A Fourteenth Amendment right to prevent local communities from favoring homegrown businesses over chain stores.
A Fourth Amendment right to prevent regulators from making surprise inspections of factories and the corporate records of polluters, meat packers, etc.
Now comes Nike, apparently juiced with its own “Just do it!” hubris, arguing in a case presently before the Supreme Court that it has another constitutional right: the corporate right to lie.
Nike is resorting to this capricious claim because a feisty fellow named Marc Kasky has put the squeeze on the multibillion-dollar sultan of sneakers. Kasky, a longtime consumer advocate living in San Diego, got PO’d back in 1998 when Nike launched a PR blitz to counter numerous news stories that its products (and profits) were being made in some of the world’s most abysmal sweatshops.
Nike put out full-page ads and open letters to consumers, loudly proclaiming that it did not use sweatshop labor—even though there was ample documentation that its stuff was soaked in sweat. In short, Nike lied.
So Kasky sued, accusing the corporation of consumer deception and false advertising under California’s consumer-protection laws. Rather than contest the charges, however, Nike lawyers tossed a legal wrench into the works, saying, in effect, “So what if we lied?
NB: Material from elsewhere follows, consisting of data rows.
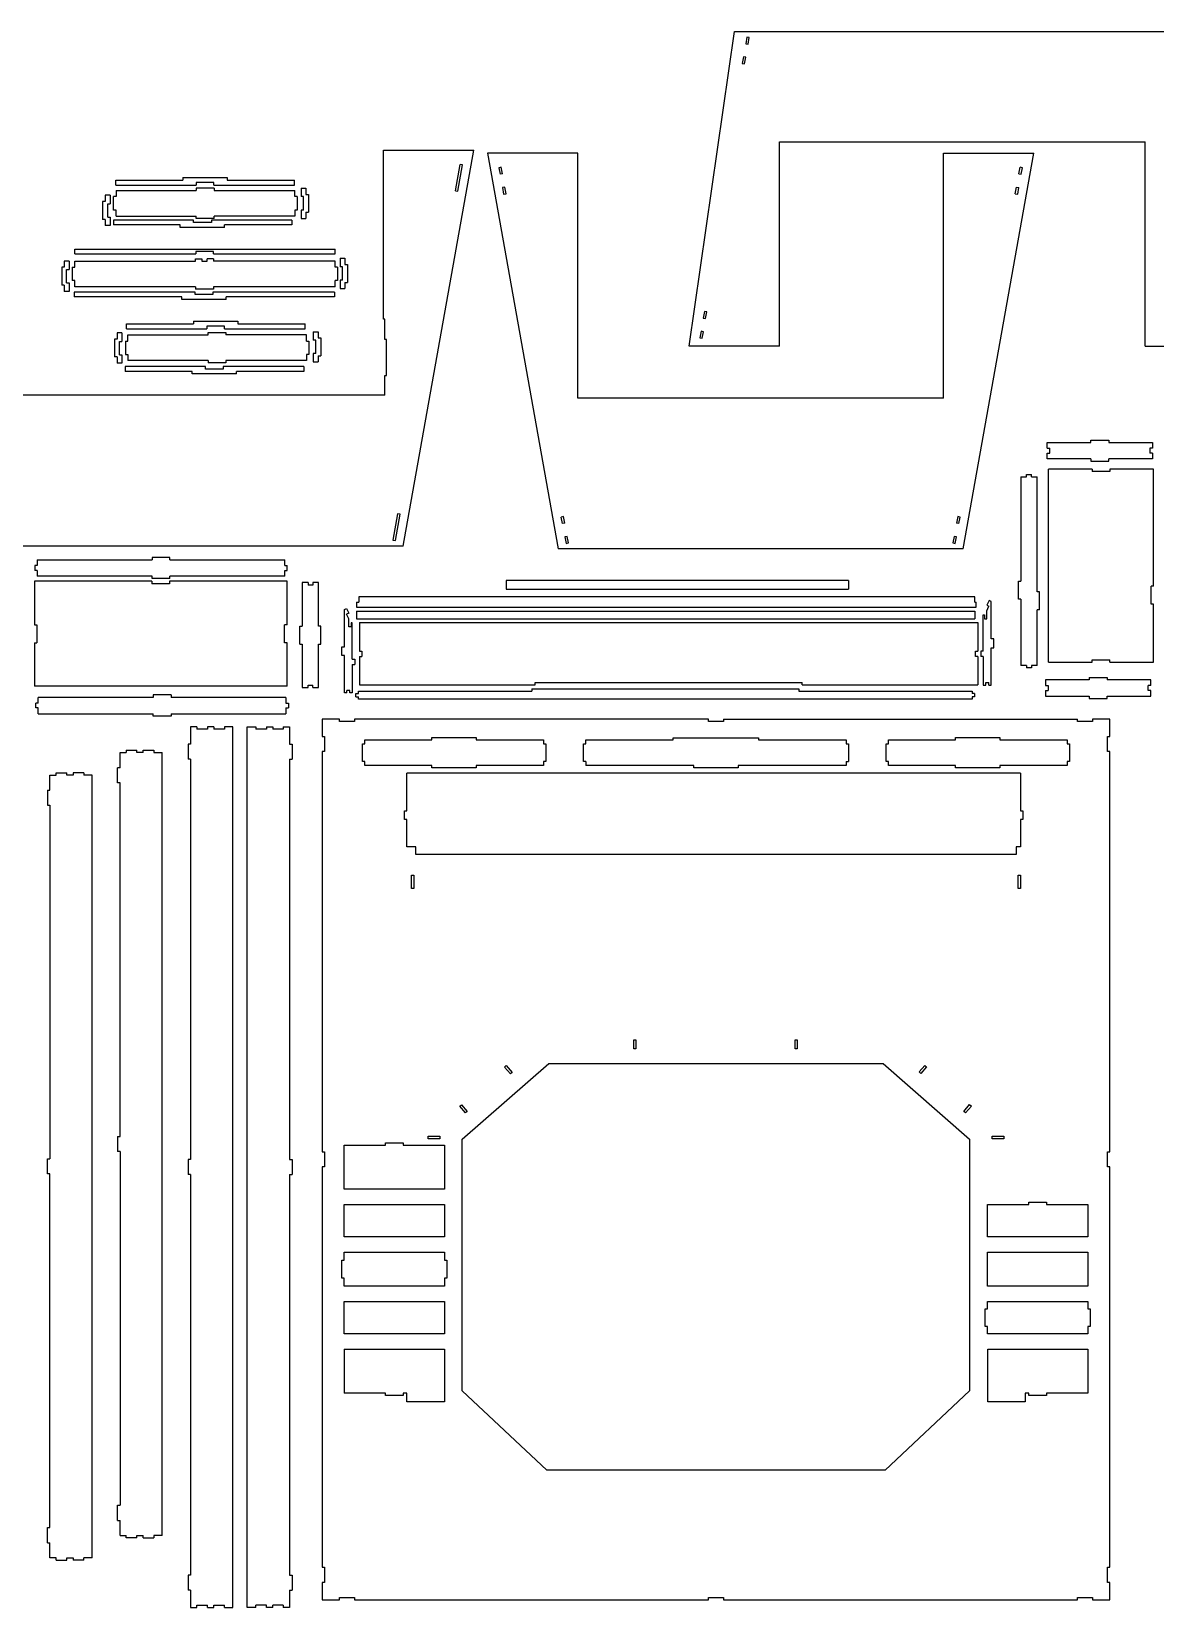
# Model space of a CAD drawing. Extents: x -1378 to 1378, y -734 to 734.
# Drawn here: x -827 to 170, y -664 to 734 of the extents above; entities that cross this region are included whole.
import ezdxf

# ---------------------------------------------------------------- set-up
doc = ezdxf.new("R2010")
doc.units = 0
doc.header["$MEASUREMENT"] = 0
doc.layers.get('0').update_dxf_attribs({"linetype": 'CONTINUOUS'})

msp = doc.modelspace()

# ---------------------------------------------------------------- linework, layer by layer
for p, q in [((-244, 455.1), (-203.7, 734)), ((-203.7, 734), (200.3, 734)), ((-192.7, 729.1), (-193.7, 723.2)), ((-190.6, 728.7), (-192.7, 729.1)), ((-191.6, 722.8), (-190.6, 728.7)), ((-193.7, 723.2), (-191.6, 722.8)), ((-195.8, 711.5), (-196.8, 705.7)), ((-196.8, 705.7), (-194.7, 705.3)), ((-193.7, 711.2), (-195.8, 711.5)), ((-194.7, 705.3), (-193.7, 711.2)), ((-163.7, 636.3), (160.4, 636.3)), ((-163.7, 455.1), (-163.7, 636.3)), ((160.4, 455.1), (160.4, 636.3)), ((-515, 628.7), (-434.8, 628.7)), ((-515, 478.8), (-515, 628.7)), ((-497.4, 277.7), (-434.8, 628.7)), ((-451.2, 592.8), (-447.1, 616.1)), ((-449.1, 592.4), (-445, 615.8)), ((-445, 615.8), (-447.1, 616.1)), ((-422.8, 626.2), (-360.2, 275.1)), ((-342.6, 626.2), (-422.8, 626.2)), ((-342.6, 408.8), (-342.6, 626.2)), ((-18.4, 408.8), (-18.4, 626.2)), ((-18.4, 626.2), (61.8, 626.2)), ((-0.9, 275.1), (61.8, 626.2)), ((-752.2, 602.3), (-692.8, 602.3)), ((-752.2, 597.9), (-752.2, 602.3)), ((-692.8, 604.5), (-692.8, 602.3)), ((-692.8, 604.5), (-653.5, 604.5)), ((-653.5, 604.5), (-653.5, 602.3)), ((-653.5, 602.3), (-593.8, 602.3)), ((-593.8, 597.9), (-593.8, 602.3)), ((-410.5, 613.6), (-412.6, 613.2)), ((-412.6, 613.2), (-411.5, 607.4)), ((-409.4, 607.8), (-411.5, 607.4)), ((-409.4, 607.8), (-410.5, 613.6)), ((48.4, 607.8), (49.5, 613.6)), ((48.4, 607.8), (50.5, 607.4)), ((51.6, 613.2), (49.5, 613.6)), ((50.5, 607.4), (51.6, 613.2)), ((-757.4, 588.8), (-761.7, 588.8)), ((-761.7, 588.8), (-761.7, 583.3)), ((-757.4, 588.8), (-757.4, 581.3)), ((-752.1, 587.6), (-754.3, 587.6)), ((-754.3, 575.7), (-754.3, 587.6)), ((-752.2, 597.9), (-681, 597.9)), ((-752.1, 592.9), (-752.1, 587.6)), ((-752.1, 592.9), (-681, 592.9)), ((-665.3, 600.1), (-681, 600.1)), ((-681, 600.1), (-681, 597.9)), ((-665.2, 595.1), (-681, 595.1)), ((-681, 595.1), (-681, 592.9)), ((-665.3, 597.9), (-665.3, 600.1)), ((-665.3, 597.9), (-593.8, 597.9)), ((-665.2, 595.1), (-665.2, 592.9)), ((-665.2, 592.9), (-593.7, 592.9)), ((-593.7, 587.6), (-593.7, 592.9)), ((-591.6, 587.6), (-593.7, 587.6)), ((-591.6, 587.6), (-591.6, 575.7)), ((-588.1, 595.1), (-583.8, 595.1)), ((-588.1, 595.1), (-588.1, 587.6)), ((-586, 587.6), (-588.1, 587.6)), ((-586, 575.7), (-586, 587.6)), ((-583.8, 595.1), (-583.8, 589.6)), ((-583.8, 589.6), (-581.5, 589.6)), ((-581.5, 589.6), (-581.5, 573.7)), ((-451.2, 592.8), (-449.1, 592.4)), ((-407.4, 596.1), (-409.5, 595.7)), ((-409.5, 595.7), (-408.4, 589.9)), ((-408.4, 589.9), (-406.3, 590.2)), ((-406.3, 590.2), (-407.4, 596.1)), ((45.3, 590.2), (46.3, 596.1)), ((45.3, 590.2), (47.4, 589.9)), ((46.3, 596.1), (48.5, 595.7)), ((47.4, 589.9), (48.5, 595.7)), ((-761.7, 583.3), (-764, 583.3)), ((-764, 583.3), (-764, 567.4)), ((-759.5, 581.3), (-757.4, 581.3)), ((-759.5, 569.4), (-759.5, 581.3)), ((-752.1, 575.7), (-754.3, 575.7)), ((-752.1, 570.3), (-752.1, 575.7)), ((-593.7, 575.7), (-593.7, 570.3)), ((-591.6, 575.7), (-593.7, 575.7)), ((-588.1, 575.7), (-588.1, 568.2)), ((-586, 575.7), (-588.1, 575.7)), ((-583.8, 573.7), (-581.5, 573.7)), ((-583.8, 573.7), (-583.8, 568.2)), ((-761.7, 567.4), (-764, 567.4)), ((-761.7, 567.4), (-761.7, 561.9)), ((-757.4, 561.9), (-761.7, 561.9)), ((-759.5, 569.4), (-757.4, 569.4)), ((-757.4, 569.4), (-757.4, 561.9)), ((-754.5, 566.8), (-754.5, 562.5)), ((-683.4, 566.8), (-754.5, 566.8)), ((-695.2, 562.5), (-754.5, 562.5)), ((-752.1, 570.3), (-681, 570.3)), ((-695.2, 560.3), (-695.2, 562.5)), ((-655.8, 560.3), (-695.2, 560.3)), ((-683.4, 564.7), (-683.4, 566.8)), ((-667.6, 564.7), (-683.4, 564.7)), ((-681, 568.2), (-681, 570.3)), ((-665.2, 568.2), (-681, 568.2)), ((-667.6, 566.8), (-667.6, 564.7)), ((-596.1, 566.8), (-667.6, 566.8)), ((-665.2, 568.2), (-665.2, 570.3)), ((-593.7, 570.3), (-665.2, 570.3)), ((-655.8, 560.3), (-655.8, 562.5)), ((-596.1, 562.5), (-655.8, 562.5)), ((-596.1, 566.8), (-596.1, 562.5)), ((-588.1, 568.2), (-583.8, 568.2)), ((-788.6, 541.1), (-557.7, 541.1)), ((-788.6, 536.8), (-788.6, 541.1)), ((-788.6, 536.8), (-681.3, 536.8)), ((-681.6, 532.5), (-676.1, 532.5)), ((-681.6, 530.3), (-681.6, 532.5)), ((-681.3, 538.9), (-681.3, 536.8)), ((-665.6, 538.9), (-681.3, 538.9)), ((-676.1, 532.5), (-676.1, 530.3)), ((-665.8, 532.5), (-671.3, 532.5)), ((-671.3, 530.3), (-671.3, 532.5)), ((-665.8, 532.5), (-665.8, 530.3)), ((-665.6, 536.8), (-665.6, 538.9)), ((-665.6, 536.8), (-557.7, 536.8)), ((-557.7, 536.8), (-557.7, 541.1)), ((-553.5, 532.9), (-549.2, 532.9)), ((-553.5, 532.9), (-553.5, 525.4)), ((-549.2, 532.9), (-549.2, 527.4)), ((-800.3, 524.9), (-800.3, 509.1)), ((-798.1, 524.9), (-800.3, 524.9)), ((-798.1, 530.4), (-798.1, 524.9)), ((-793.7, 530.4), (-798.1, 530.4)), ((-795.9, 522.9), (-793.7, 522.9)), ((-795.9, 511.1), (-795.9, 522.9)), ((-793.7, 530.4), (-793.7, 522.9)), ((-790.9, 525), (-788.8, 525)), ((-790.9, 525), (-790.9, 513.1)), ((-788.8, 525), (-788.8, 530.3)), ((-788.8, 530.3), (-681.6, 530.3)), ((-676.1, 530.3), (-671.3, 530.3)), ((-557.9, 530.3), (-665.8, 530.3)), ((-557.9, 525), (-557.9, 530.3)), ((-555.8, 525), (-557.9, 525)), ((-555.8, 525), (-555.8, 513.1)), ((-551.4, 525.4), (-553.5, 525.4)), ((-551.4, 513.5), (-551.4, 525.4)), ((-549.2, 527.4), (-546.9, 527.4)), ((-546.9, 527.4), (-546.9, 511.5)), ((-798.1, 509.1), (-800.3, 509.1)), ((-798.1, 509.1), (-798.1, 503.6)), ((-793.7, 503.6), (-798.1, 503.6)), ((-795.9, 511.1), (-793.7, 511.1)), ((-793.7, 511.1), (-793.7, 503.6)), ((-788.8, 513.1), (-790.9, 513.1)), ((-788.8, 507.7), (-788.8, 513.1)), ((-681.6, 507.7), (-788.8, 507.7)), ((-681.6, 507.7), (-681.6, 505.6)), ((-665.8, 505.6), (-681.6, 505.6)), ((-665.8, 507.7), (-665.8, 505.6)), ((-557.9, 507.7), (-665.8, 507.7)), ((-557.9, 507.7), (-557.9, 513.1)), ((-555.8, 513.1), (-557.9, 513.1)), ((-551.4, 513.5), (-553.5, 513.5)), ((-553.5, 513.5), (-553.5, 506)), ((-553.5, 506), (-549.2, 506)), ((-549.2, 511.5), (-549.2, 506)), ((-549.2, 511.5), (-546.9, 511.5)), ((-789.2, 503), (-789.2, 498.7)), ((-682, 503), (-789.2, 503)), ((-693.8, 498.7), (-789.2, 498.7)), ((-693.8, 496.4), (-693.8, 498.7)), ((-654.4, 496.4), (-693.8, 496.4)), ((-682, 500.8), (-682, 503)), ((-666.2, 500.8), (-682, 500.8)), ((-558.3, 503), (-666.2, 503)), ((-666.2, 503), (-666.2, 500.8)), ((-558.3, 498.7), (-654.4, 498.7)), ((-654.4, 496.4), (-654.4, 498.7)), ((-558.3, 503), (-558.3, 498.7)), ((-683.4, 477), (-683.4, 474.7)), ((-683.4, 477), (-644, 477)), ((-644, 477), (-644, 474.7)), ((-513.8, 478.8), (-515, 478.8)), ((-513.8, 460.8), (-513.8, 478.8)), ((-230.3, 485.7), (-231.4, 479.9)), ((-231.4, 479.9), (-229.3, 479.5)), ((-228.2, 485.4), (-230.3, 485.7)), ((-229.3, 479.5), (-228.2, 485.4)), ((-746.9, 466.7), (-751.2, 466.7)), ((-751.2, 466.7), (-751.2, 461.2)), ((-746.9, 466.7), (-746.9, 459.2)), ((-742.7, 474.7), (-683.4, 474.7)), ((-742.7, 470.4), (-742.7, 474.7)), ((-742.7, 470.4), (-671.6, 470.4)), ((-741.6, 459.5), (-741.6, 464.9)), ((-741.6, 464.9), (-670.5, 464.9)), ((-671.6, 472.6), (-671.6, 470.4)), ((-655.8, 472.6), (-671.6, 472.6)), ((-670.5, 464.9), (-670.5, 467)), ((-670.5, 467), (-654.7, 467)), ((-655.8, 470.4), (-655.8, 472.6)), ((-655.8, 470.4), (-584.3, 470.4)), ((-654.7, 467), (-654.7, 464.9)), ((-583.2, 464.9), (-654.7, 464.9)), ((-644, 474.7), (-584.3, 474.7)), ((-584.3, 470.4), (-584.3, 474.7)), ((-583.2, 459.5), (-583.2, 464.9)), ((-577.2, 467.8), (-577.2, 460.3)), ((-577.2, 467.8), (-572.9, 467.8)), ((-572.9, 467.8), (-572.9, 462.3)), ((-572.9, 462.3), (-570.6, 462.3)), ((-570.6, 462.3), (-570.6, 446.5)), ((-233.4, 468.2), (-234.5, 462.4)), ((-234.5, 462.4), (-232.4, 462)), ((-231.3, 467.8), (-233.4, 468.2)), ((-232.4, 462), (-231.3, 467.8)), ((-753.5, 461.2), (-753.5, 445.4)), ((-751.2, 461.2), (-753.5, 461.2)), ((-749, 459.2), (-746.9, 459.2)), ((-749, 447.4), (-749, 459.2)), ((-749, 447.4), (-746.9, 447.4)), ((-746.9, 447.4), (-746.9, 439.9)), ((-743.8, 459.5), (-741.6, 459.5)), ((-743.8, 459.5), (-743.8, 447.7)), ((-743.8, 447.7), (-741.6, 447.7)), ((-741.6, 447.7), (-741.6, 442.3)), ((-583.2, 459.5), (-581.1, 459.5)), ((-583.2, 447.7), (-583.2, 442.3)), ((-581.1, 447.7), (-583.2, 447.7)), ((-581.1, 459.5), (-581.1, 447.7)), ((-575.1, 460.3), (-577.2, 460.3)), ((-575.1, 448.5), (-577.2, 448.5)), ((-577.2, 448.5), (-577.2, 441)), ((-575.1, 448.5), (-575.1, 460.3)), ((-512.4, 460.8), (-513.8, 460.8)), ((-512.4, 429.1), (-512.4, 460.8)), ((-163.7, 455.1), (-244, 455.1)), ((160.4, 455.1), (240.6, 455.1)), ((-751.2, 445.4), (-753.5, 445.4)), ((-751.2, 445.4), (-751.2, 439.9)), ((-746.9, 439.9), (-751.2, 439.9)), ((-672.9, 436.8), (-744, 436.8)), ((-744, 436.8), (-744, 432.5)), ((-670.5, 442.3), (-741.6, 442.3)), ((-672.9, 434.7), (-672.9, 436.8)), ((-657.1, 434.7), (-672.9, 434.7)), ((-670.5, 442.3), (-670.5, 440.2)), ((-654.7, 440.2), (-670.5, 440.2)), ((-585.6, 436.8), (-657.1, 436.8)), ((-657.1, 436.8), (-657.1, 434.7)), ((-654.7, 442.3), (-654.7, 440.2)), ((-583.2, 442.3), (-654.7, 442.3)), ((-585.6, 436.8), (-585.6, 432.5)), ((-577.2, 441), (-572.9, 441)), ((-572.9, 446.5), (-570.6, 446.5)), ((-572.9, 446.5), (-572.9, 441)), ((-684.7, 432.5), (-744, 432.5)), ((-684.7, 430.3), (-684.7, 432.5)), ((-645.3, 430.3), (-684.7, 430.3)), ((-645.3, 430.3), (-645.3, 432.5)), ((-585.6, 432.5), (-645.3, 432.5)), ((-513.8, 411.4), (-513.8, 429.1)), ((-513.8, 429.1), (-512.4, 429.1)), ((-513.8, 411.4), (-839.7, 411.4)), ((-18.4, 408.8), (-342.6, 408.8)), ((73.6, 369.4), (112.4, 369.4)), ((73.6, 364.4), (73.6, 369.4)), ((73.6, 364.4), (75.8, 364.4)), ((75.8, 360.1), (75.8, 364.4)), ((112.4, 371.6), (128.1, 371.6)), ((112.4, 369.4), (112.4, 371.6)), ((128.1, 371.6), (128.1, 369.4)), ((128.1, 369.4), (166.8, 369.4)), ((164.7, 364.4), (164.7, 360.1)), ((166.8, 364.4), (164.7, 364.4)), ((166.8, 369.4), (166.8, 364.4)), ((73.6, 360.1), (75.8, 360.1)), ((73.6, 355), (73.6, 360.1)), ((112.4, 355), (73.6, 355)), ((112.4, 355), (112.4, 352.9)), ((112.4, 352.9), (128.1, 352.9)), ((166.8, 355), (128.1, 355)), ((128.1, 352.9), (128.1, 355)), ((166.8, 360.1), (164.7, 360.1)), ((166.8, 360.1), (166.8, 355)), ((50.3, 339), (55.3, 339)), ((50.3, 339), (50.3, 246.5)), ((55.3, 339), (55.3, 341.1)), ((55.3, 341.1), (59.7, 341.1)), ((59.7, 339), (59.7, 341.1)), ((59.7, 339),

It’s our own free-speech right as a corporate person to lie all we want.”
Nike’s claim is that its ads were political speech, not commercial speech—so just as a politician is free to lie by claiming to be, say, a “compassionate conservative,” so Nike can lie by claiming to be a compassionate corporation. With its battalion of attorneys, Nike won in the lower courts, but Kasky and his public-interest lawyer, Alan Caplan, pushed on doggedly, and the California Supreme Court stunned corporatists everywhere last May by ruling 4 to 3 against Nike.
Oh, the hue and cry from the Powers That Be! Nike rushed to the U.S. Supreme Court demanding a reversal of the dastardly California judges, wailing that “corporate speech” itself was under assault. It was joined by Bank of America, Exxon/Mobil, Microsoft, Monsanto, Pfizer, the U.S. Chamber of Commerce (with Ken Starr as its lawyer), every major media conglomerate, and even the Public Relations Society of America. The New York Times jumped in, warning that this ruling “poses an immediate threat to robust debate” on public policy.
Whoa! The decision does no such thing. The judges merely (and rightly) ruled that Nike was not expressing a political opinion about national sweatshop policy, but specifically was lying in order to influence consumers about the virtue of its products—a direct effort to advance its sales and profits. As one California justice wrote: “Our holding in no way prohibits any business enterprise from speaking out on issues of public importance or from vigorously defending its own labor practices. It means only that when a business . . . makes factual representations about its own products or its own operations, it must speak truthfully.”
Besides, spare me any whining about how these corporations—with the billions they spend on lobbyists, campaign donations, PR firms, etc.—might be hindered in having their say in public policy. Right now, they own public policy.
Another besides: If We the People were to decide to eliminate corporate political speech entirely (as the founders did), that’s our right as a self-governing people. Indeed, none other than Chief Justice William Rehnquist has expressed his doubts that corporations can be persons under the Constitution, and he’s written that corporations can and should be restrained from political activity.
By asserting its corporate “right” to lie and taking it to the Supreme Court, Nike may have done us a favor. Its claim goes to the core of the corporate-personhood argument, and Nike v. Kasky could be the case that prompts the court to look again at this absurdity, finally undoing the incalculable damage done to our democracy 117 years ago by Davis’s erroneous headnote.